Configure log retention and removal policy for Lambda function using AWS CDK in Python
Each lambda invocation generates execution logs. By default, these logs are stored indefinitely in CloudWatch Logs. This means for a busy application you could have hundreds of thousans of log streams and log groups that are stored indefinitely.
While in some scenarios this may be needed for certain compliances, but 9/10 times you don't need to store logs indefinitely. In this article, we will look at how to configure log retention for a Lambda function using AWS CDK in Python.
Prerequisites
- Ensure that you have AWS CDK and SAM CLI installed.
- If needed create a new CDK application.
Configuring log retention for a Lambda function
To do so, we first create a simple lambda function. We will need to store the function in a variable so that we can configure the log retention for it.
# filename: cdk_app/my_stack.py
from aws_cdk import (
Stack,
aws_lambda as _lambda,
aws_logs as logs,
Duration,
RemovalPolicy,
)
from constructs import Construct
class MyStack(Stack):
def __init__(self, scope: Construct, construct_id: str, **kwargs) -> None:
super().__init__(scope, construct_id, **kwargs)

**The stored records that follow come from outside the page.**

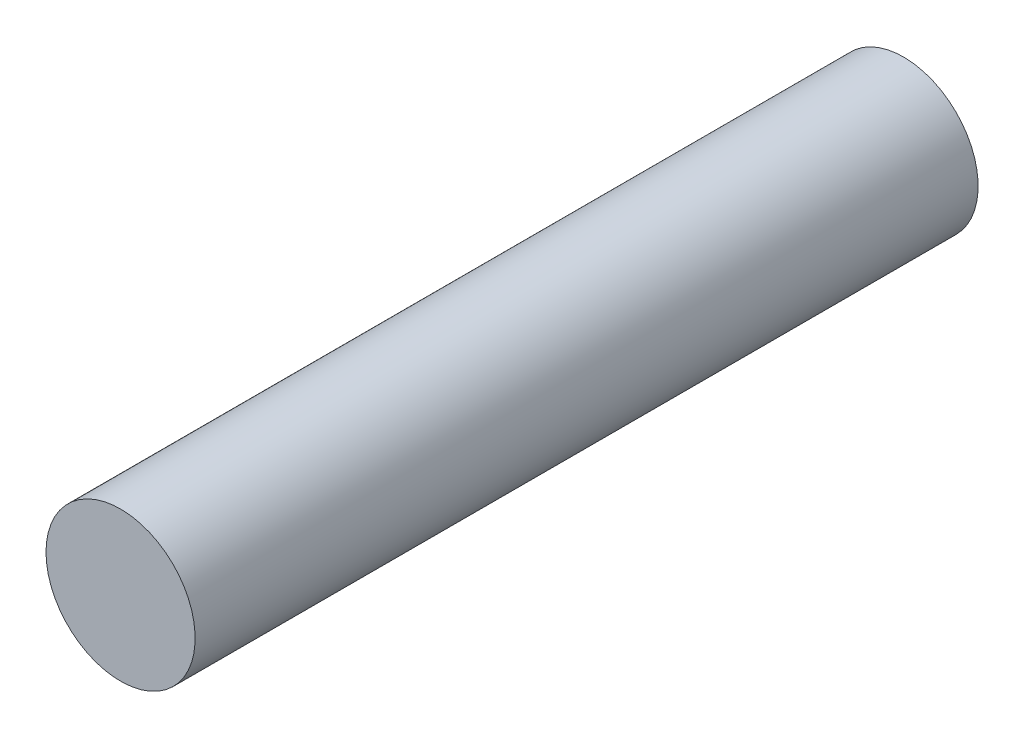
SolidWorks part; units mm, degrees
ref_plane "Front Plane" through (0, 0, 0) normal (0, 0, 1) x (1, 0, 0)
ref_plane "Top Plane" through (0, 0, 0) normal (0, 1, 0) x (1, 0, 0)
ref_plane "Right Plane" through (0, 0, 0) normal (1, 0, 0) x (0, 0, -1)
sketch "Sketch1" plane through (0, 0, 0) normal (0, 0, 1) x (1, 0, 0)
  circle A0 centre (0, 0) radius 4
  dimension "D1" = 8
extrude "Boss-Extrude1" add sketch "Sketch1" along normal mid plane 42
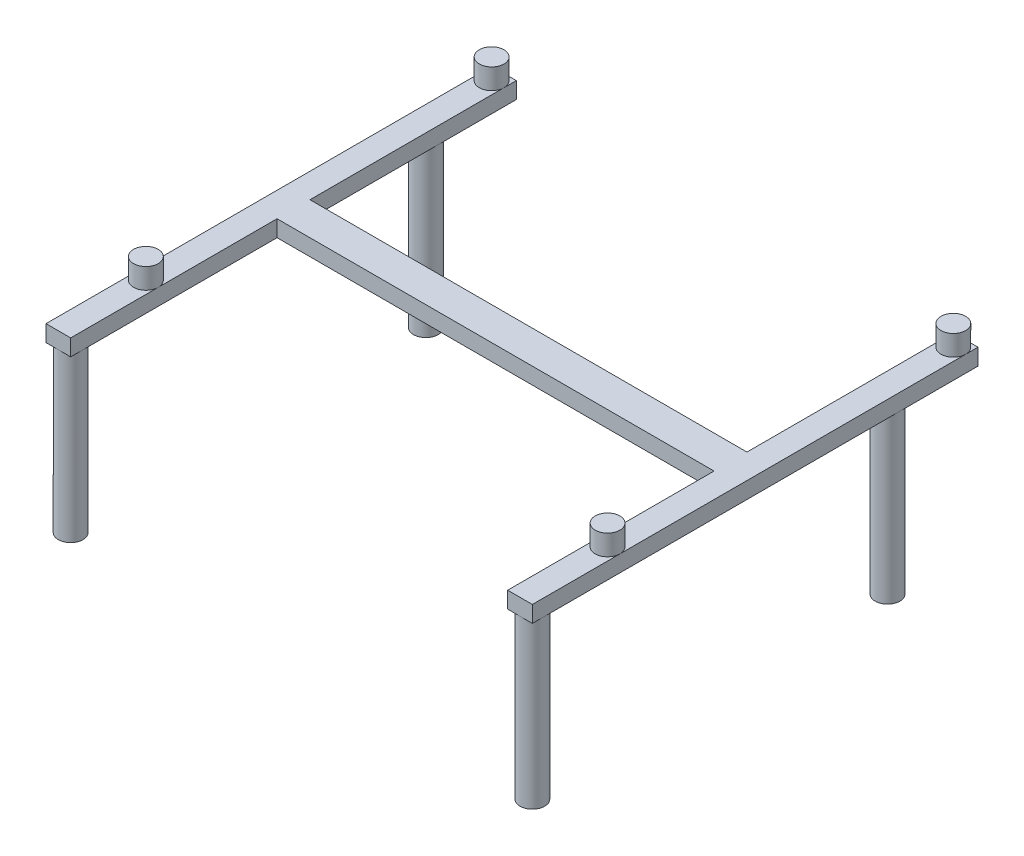
SolidWorks part; units mm, degrees
ref_plane "前视基准面" through (0, 0, 0) normal (0, 0, 1) x (1, 0, 0)
ref_plane "上视基准面" through (0, 0, 0) normal (0, 1, 0) x (1, 0, 0)
ref_plane "右视基准面" through (0, 0, 0) normal (1, 0, 0) x (0, 0, -1)
other "Configuration Table"
sketch "草图1" plane through (0, 0, 0) normal (0, 1, 0) x (1, 0, 0)
  line L0 (0, 43.18) -> (0, 0) construction
  line L1 (56.13, 43.18) -> (0, 43.18) construction
  line L2 (56.13, 0) -> (56.13, 43.18) construction
  line L3 (28.065, 43.18) -> (28.065, 39.1656) construction
  line L4 (56.13, 43.18) -> (0, 43.18) construction
  circle A0 centre (0, 0) radius 1.5
  circle A1 centre (0, 43.18) radius 1.5
  circle A2 centre (56.13, 43.18) radius 1.5
  circle A3 centre (56.13, 0) radius 1.5
  point P10 (28.065, 43.18)
  dimension "D1" = 3
  dimension "D2" = 3
  dimension "D4" = 3
  dimension "D6" = 3
  dimension "D3" = 43.18
  dimension "D5" = 56.13
  dimension "D7" = 43.18
extrude "凸台-拉伸1" add sketch "草图1" along normal blind 20
sketch "草图2" plane through (0, 20, 0) normal (0, 1, 0) x (1, 0, 0)
  line L0 (-1.5, 52.68) -> (-1.5, -1.5)
  line L1 (-1.5, -1.5) -> (1.5, -1.5)
  line L3 (1.5, 52.68) -> (-1.5, 52.68)
  line L5 (54.63, -1.5) -> (57.63, -1.5)
  line L6 (57.63, -1.5) -> (57.63, 52.68)
  line L7 (57.63, 52.68) -> (54.63, 52.68)
  line L8 (1.5, 27.59) -> (54.63, 27.59)
  line L10 (54.63, 23.59) -> (1.5, 23.59)
  line L13 (54.63, 52.68) -> (54.63, 27.59)
  line L14 (1.5, 52.68) -> (1.5, 27.59)
  line L15 (1.5, 23.59) -> (1.5, -1.5)
  line L16 (54.63, 23.59) -> (54.63, -1.5)
  circle A0 centre (0, 43.18) radius 1.5 construction
  circle A1 centre (0, 0) radius 1.5 construction
  circle A2 centre (56.13, 43.18) radius 1.5 construction
  circle A3 centre (56.13, 0) radius 1.5 construction
  point P22 (-1.5, 25.59)
  dimension "D1" = 9.5
  dimension "D2" = 9.5
  dimension "D3" = 4
  dimension "D4" = 2
extrude "凸台-拉伸2" add sketch "草图2" along normal blind 2
sketch "草图4" plane through (0, 22, 0) normal (0, 1, 0) x (1, 0, 0)
  line L0 (1.5, 27.59) -> (1.5, 52.68) construction
  line L1 (28.065, 27.59) -> (28.065, 23.59) construction
  line L2 (0, -1.5) -> (0, 52.68) construction
  line L3 (-1.5, -1.5) -> (1.5, -1.5) construction
  line L4 (1.5, 52.68) -> (-1.5, 52.68) construction
  line L7 (54.63, 27.59) -> (1.5, 27.59) construction
  circle A0 centre (0, 51.18) radius 1.5
  circle A1 centre (0, 9.143) radius 1.5
  circle A2 centre (56.13, 9.143) radius 1.5
  circle A3 centre (56.13, 51.18) radius 1.5
  point P16 (28.065, 27.59)
  dimension "D1" = 42.037
extrude "凸台-拉伸3" add sketch "草图4" along normal blind 2.5
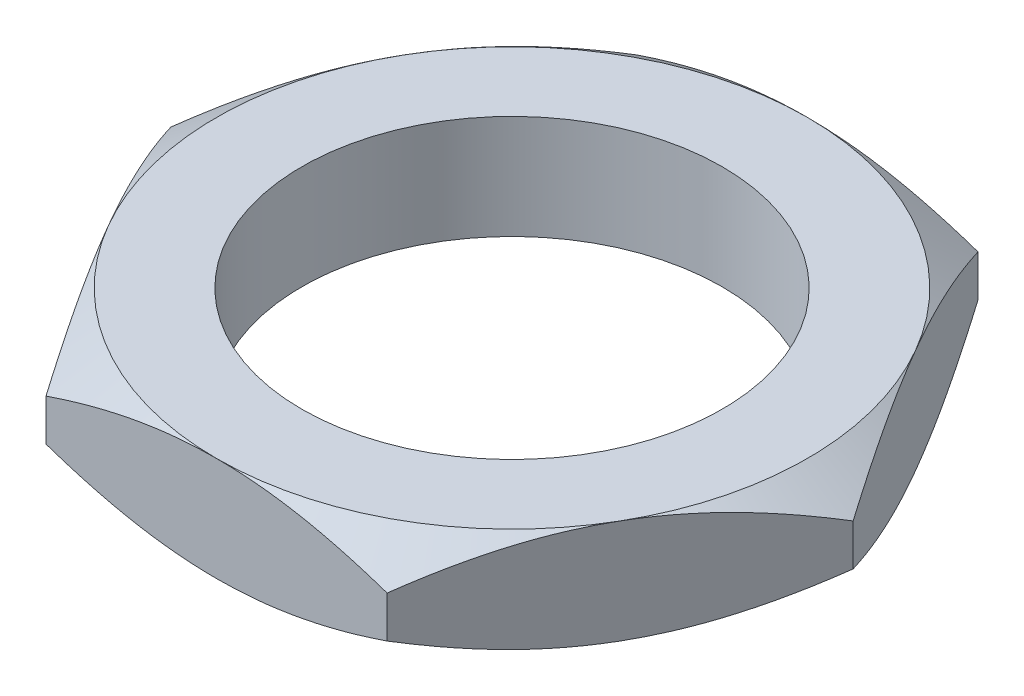
SolidWorks part; units mm, degrees
ref_plane "Ebene vorne" through (0, 0, 0) normal (0, 0, 1) x (1, 0, 0)
ref_plane "Ebene oben" through (0, 0, 0) normal (0, 1, 0) x (1, 0, 0)
ref_plane "Ebene rechts" through (0, 0, 0) normal (1, 0, 0) x (0, 0, -1)
sketch "Skizze1" plane through (0, 0, 0) normal (0, 1, 0) x (1, 0, 0)
  line L1 (8.1984, 0) -> (4.0992, 7.1)
  line L2 (4.0992, 7.1) -> (-4.0992, 7.1)
  line L3 (-4.0992, 7.1) -> (-8.1984, 0)
  line L4 (-8.1984, 0) -> (-4.0992, -7.1)
  line L5 (-4.0992, -7.1) -> (4.0992, -7.1)
  line L6 (4.0992, -7.1) -> (8.1984, 0)
  circle A0 centre (0, 0) radius 7.1 construction
  circle A1 centre (0, 0) radius 5.05
  dimension "D2" = 10.1
  dimension "D1" = 14.2
extrude "Aufsatz-Linear austragen1" add sketch "Skizze1" along normal blind 2.5
ref_plane "Ebene1" through (0, 0, 0) normal (0.866, 0, 0.5) x (0.5, 0, -0.866)
ref_plane "Ebene2" through (0, 1.25, 0) normal (0, 1, 0) x (1, 0, 0)
sketch "Skizze4" plane through (0, 0, 0) normal (0.866, 0, 0.5) x (0.5, 0, -0.866)
  line L0 (-8.1984, 0.75) -> (-7.1, 0)
  line L1 (-8.1984, 2.5) -> (-8.1984, 0) construction
  line L2 (-8.1984, 0) -> (-4.0992, 0) construction
  line L3 (-7.1, 0) -> (-8.1984, 0)
  line L4 (-8.1984, 0) -> (-8.1984, 0.75)
  line L5 (0, 0) -> (0, 2.5) construction
  line L6 (-4.0992, 2.5) -> (4.0992, 2.5) construction
  line L7 (-8.1984, 1.25) -> (0, 1.25) construction
  dimension "D1" = 14.2
  dimension "D2" = 1
revolve "Schnitt-Rotation1" cut sketch "Skizze4" angle 360 about L5
mirror "Spiegeln1" about plane through (0, 1.25, 0) normal (0, 1, 0) of "Schnitt-Rotation1"

# 👇🏽 Create a Lambda function
my_lambda = _lambda.Function(
self,
"MyLambda",
runtime=_lambda.Runtime.PYTHON_3_12,
handler="index.handler",
code=_lambda.Code.from_inline("def handler(event, context): return 'Hello, World!'"),
timeout=Duration.seconds(10),
)
Next, we will configure the log retention for the lambda function. We will use the LogGroup class from the aws_logs module to configure the log retention.
In the background, CDK creates another lambda function that deletes the older logs based on the retention policy. To do so it requires the name of the log group. The log group name is in the format /aws/lambda/<function_name>. We can get the function name using my_lambda.function_name.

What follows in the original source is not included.